QTLEMM - QTL Mapping and Hotspots Detection
For QTL mapping, this package comprises several functions
designed to execute diverse tasks, such as simulating or
analyzing data, calculating significance thresholds, and
visualizing QTL mapping results. The single-QTL or multiple-QTL
method, which enables the fitting and comparison of various
statistical models, is employed to analyze the data for
estimating QTL parameters. The models encompass linear
regression, permutation tests, normal mixture models, and
truncated normal mixture models. The Gaussian stochastic
process is utilized to compute significance thresholds for QTL
detection on a genetic linkage map within experimental
populations. Two types of data, complete genotyping, and
selective genotyping data from various experimental
populations, including backcross, F2, recombinant inbred (RI)

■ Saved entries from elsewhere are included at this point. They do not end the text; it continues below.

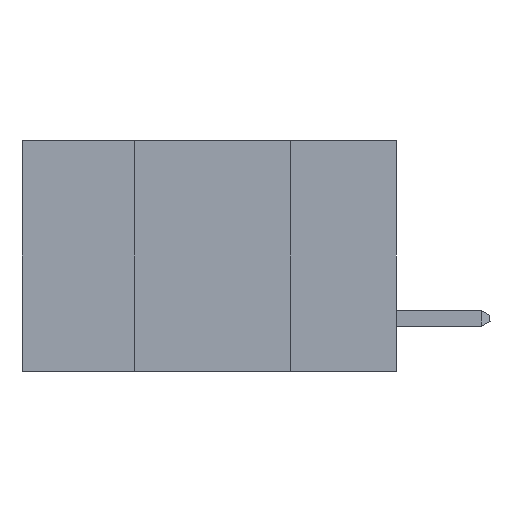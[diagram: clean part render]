
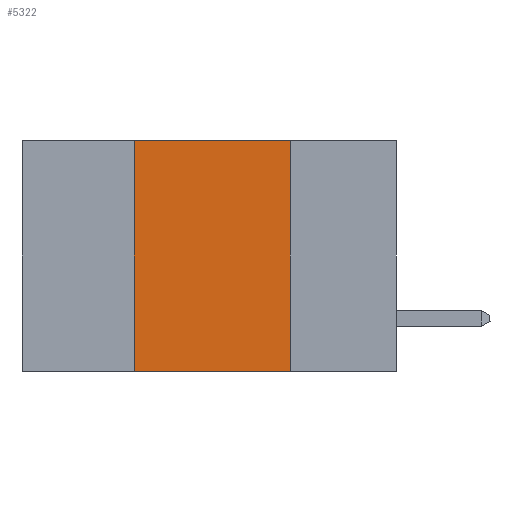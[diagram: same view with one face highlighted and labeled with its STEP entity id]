
A CAD part, left-side view. The second image highlights one B-rep face of the part: STEP entity #5322.
In plain terms, the highlighted planar face has unit normal (-1, 0, 0).
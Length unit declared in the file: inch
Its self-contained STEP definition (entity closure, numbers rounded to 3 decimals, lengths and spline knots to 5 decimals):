
#69 = EDGE_CURVE ( 'NONE', #20665, #14778, #7606, .T. ) ;
#949 = DIRECTION ( 'NONE',  ( 0., 0., 1. ) ) ;
#2110 = CARTESIAN_POINT ( 'NONE',  ( 0., 0.6, 0. ) ) ;
#2911 = CARTESIAN_POINT ( 'NONE',  ( 0., 0.6, 0. ) ) ;
#3125 = VECTOR ( 'NONE', #16263, 39.37008 ) ;
#3278 = VECTOR ( 'NONE', #949, 39.37008 ) ;
#3818 = ORIENTED_EDGE ( 'NONE', *, *, #17838, .F. ) ;
#3858 = VECTOR ( 'NONE', #13365, 39.37008 ) ;
#3903 = PLANE ( 'NONE',  #5179 ) ;
#4613 = CARTESIAN_POINT ( 'NONE',  ( 0., 0.42, -0.37 ) ) ;
#4974 = VERTEX_POINT ( 'NONE', #19710 ) ;
#5179 = AXIS2_PLACEMENT_3D ( 'NONE', #2911, #10728, #10630 ) ;
#5322 = ADVANCED_FACE ( 'NONE', ( #13164 ), #3903, .F. ) ;
#6584 = ORIENTED_EDGE ( 'NONE', *, *, #7938, .T. ) ;
#7019 = LINE ( 'NONE', #14126, #19619 ) ;
#7111 = CARTESIAN_POINT ( 'NONE',  ( 0., 0.42, 0. ) ) ;
#7153 = VERTEX_POINT ( 'NONE', #4613 ) ;
#7606 = LINE ( 'NONE', #2110, #3125 ) ;
#7938 = EDGE_CURVE ( 'NONE', #7153, #4974, #7019, .T. ) ;
#9148 = EDGE_LOOP ( 'NONE', ( #10933, #19856, #3818, #6584 ) ) ;
#10036 = CARTESIAN_POINT ( 'NONE',  ( 0., 0.17, 0. ) ) ;
#10630 = DIRECTION ( 'NONE',  ( 0., 0., -1. ) ) ;
#10728 = DIRECTION ( 'NONE',  ( 1., 0., 0. ) ) ;
#10933 = ORIENTED_EDGE ( 'NONE', *, *, #12403, .F. ) ;
#12403 = EDGE_CURVE ( 'NONE', #14778, #4974, #21398, .T. ) ;
#12741 = LINE ( 'NONE', #20860, #3278 ) ;
#13164 = FACE_OUTER_BOUND ( 'NONE', #9148, .T. ) ;
#13365 = DIRECTION ( 'NONE',  ( 0., 0., -1. ) ) ;
#13479 = CARTESIAN_POINT ( 'NONE',  ( 0., 0.17, 0. ) ) ;
#13872 = DIRECTION ( 'NONE',  ( 0., -1., 0. ) ) ;
#14126 = CARTESIAN_POINT ( 'NONE',  ( 0., 0.6, -0.37 ) ) ;
#14778 = VERTEX_POINT ( 'NONE', #13479 ) ;
#16263 = DIRECTION ( 'NONE',  ( 0., -1., 0. ) ) ;
#17838 = EDGE_CURVE ( 'NONE', #7153, #20665, #12741, .T. ) ;
#19619 = VECTOR ( 'NONE', #13872, 39.37008 ) ;
#19710 = CARTESIAN_POINT ( 'NONE',  ( 0., 0.17, -0.37 ) ) ;
#19856 = ORIENTED_EDGE ( 'NONE', *, *, #69, .F. ) ;
#20665 = VERTEX_POINT ( 'NONE', #7111 ) ;
#20860 = CARTESIAN_POINT ( 'NONE',  ( 0., 0.42, 0. ) ) ;
#21398 = LINE ( 'NONE', #10036, #3858 ) ;
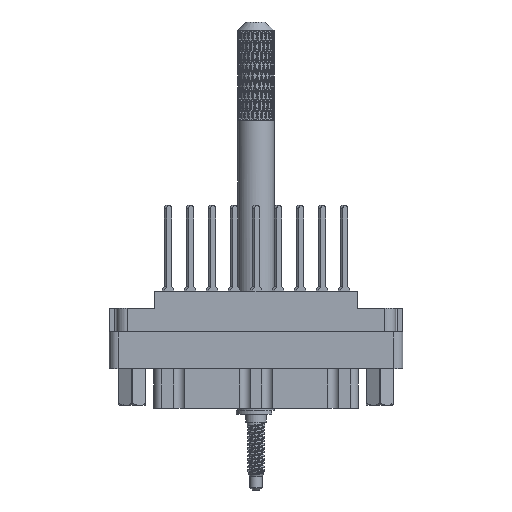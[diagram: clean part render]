
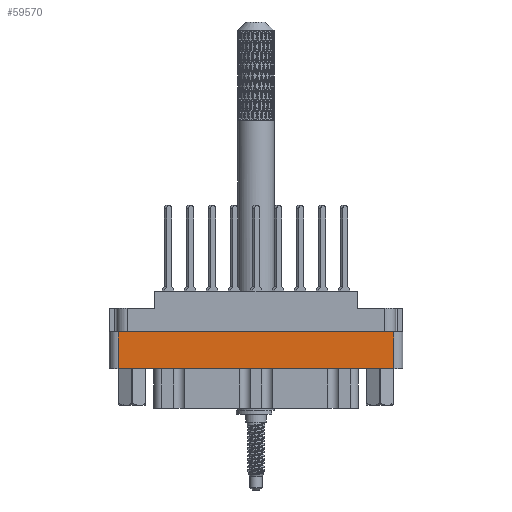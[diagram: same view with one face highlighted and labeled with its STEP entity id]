
A CAD part, front view. The second image highlights one B-rep face of the part: STEP entity #59570.
In plain terms, the highlighted planar face has unit normal (0, -1, 0).
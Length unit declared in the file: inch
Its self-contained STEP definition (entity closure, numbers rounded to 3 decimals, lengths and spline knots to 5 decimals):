
#639 = CARTESIAN_POINT ( 'NONE',  ( -0.938, -0.438, -0.798 ) ) ;
#1921 = CARTESIAN_POINT ( 'NONE',  ( -1., -0.438, -0.277 ) ) ;
#4504 = CARTESIAN_POINT ( 'NONE',  ( 0.938, -0.438, -0.529 ) ) ;
#9723 = CARTESIAN_POINT ( 'NONE',  ( -0.938, -0.438, -0.529 ) ) ;
#17744 = VERTEX_POINT ( 'NONE', #33568 ) ;
#18354 = DIRECTION ( 'NONE',  ( 0., 0., -1. ) ) ;
#24066 = EDGE_CURVE ( 'NONE', #26991, #33338, #44505, .T. ) ;
#26746 = CARTESIAN_POINT ( 'NONE',  ( -0.938, -0.438, -0.798 ) ) ;
#26991 = VERTEX_POINT ( 'NONE', #45951 ) ;
#27667 = DIRECTION ( 'NONE',  ( 1., 0., 0. ) ) ;
#28228 = EDGE_LOOP ( 'NONE', ( #28698, #32168, #53649, #44153 ) ) ;
#28698 = ORIENTED_EDGE ( 'NONE', *, *, #35962, .F. ) ;
#29268 = VECTOR ( 'NONE', #27667, 39.37008 ) ;
#29643 = EDGE_CURVE ( 'NONE', #17744, #38065, #100876, .T. ) ;
#32168 = ORIENTED_EDGE ( 'NONE', *, *, #29643, .F. ) ;
#32618 = AXIS2_PLACEMENT_3D ( 'NONE', #26746, #95159, #18354 ) ;
#33338 = VERTEX_POINT ( 'NONE', #41843 ) ;
#33568 = CARTESIAN_POINT ( 'NONE',  ( 0.938, -0.438, -0.529 ) ) ;
#34255 = DIRECTION ( 'NONE',  ( 0., 0., 1. ) ) ;
#34395 = VECTOR ( 'NONE', #90797, 39.37008 ) ;
#35962 = EDGE_CURVE ( 'NONE', #38065, #26991, #77409, .T. ) ;
#36892 = LINE ( 'NONE', #78965, #68185 ) ;
#38065 = VERTEX_POINT ( 'NONE', #9723 ) ;
#41843 = CARTESIAN_POINT ( 'NONE',  ( 0.938, -0.438, -0.277 ) ) ;
#42089 = EDGE_CURVE ( 'NONE', #17744, #33338, #36892, .T. ) ;
#44153 = ORIENTED_EDGE ( 'NONE', *, *, #24066, .F. ) ;
#44505 = LINE ( 'NONE', #1921, #29268 ) ;
#45869 = DIRECTION ( 'NONE',  ( 0., 0., 1. ) ) ;
#45951 = CARTESIAN_POINT ( 'NONE',  ( -0.938, -0.438, -0.277 ) ) ;
#52020 = FACE_OUTER_BOUND ( 'NONE', #28228, .T. ) ;
#53649 = ORIENTED_EDGE ( 'NONE', *, *, #42089, .T. ) ;
#59570 = ADVANCED_FACE ( 'NONE', ( #52020 ), #103578, .T. ) ;
#62317 = VECTOR ( 'NONE', #34255, 39.37008 ) ;
#68185 = VECTOR ( 'NONE', #45869, 39.37008 ) ;
#77409 = LINE ( 'NONE', #639, #62317 ) ;
#78965 = CARTESIAN_POINT ( 'NONE',  ( 0.938, -0.438, -0.798 ) ) ;
#90797 = DIRECTION ( 'NONE',  ( -1., 0., 0. ) ) ;
#95159 = DIRECTION ( 'NONE',  ( 0., -1., 0. ) ) ;
#100876 = LINE ( 'NONE', #4504, #34395 ) ;
#103578 = PLANE ( 'NONE',  #32618 ) ;

populations, and advanced intercrossed (AI) populations, are
considered in the QTL mapping analysis. For QTL hotspot
detection, statistical methods can be developed based on either
utilizing individual-level data or summarized data. We have
proposed a statistical framework capable of handling both
individual-level data and summarized QTL data for QTL hotspot
detection. Our statistical framework can overcome the
underestimation of thresholds resulting from ignoring the
correlation structure among traits. Additionally, it can
identify different types of hotspots with minimal computational
cost during the detection process. Here, we endeavor to furnish
the R codes for our QTL mapping and hotspot detection methods,
intended for general use in genes, genomics, and genetics
studies. The QTL mapping methods for the complete and selective
genotyping designs are based on the multiple interval mapping
(MIM) model proposed by Kao, C.-H. , Z.-B. Zeng and R. D.
Teasdale (1999) <doi: 10.1534/genetics.103.021642> and H.-I
Lee, H.-A. Ho and C.-H. Kao (2014) <doi:
10.1534/genetics.114.168385>, respectively. The QTL hotspot
detection analysis is based on the method by Wu, P.-Y., M.-.H.
Yang, and C.-H. Kao (2021) <doi: 10.1093/g3journal/jkab056>.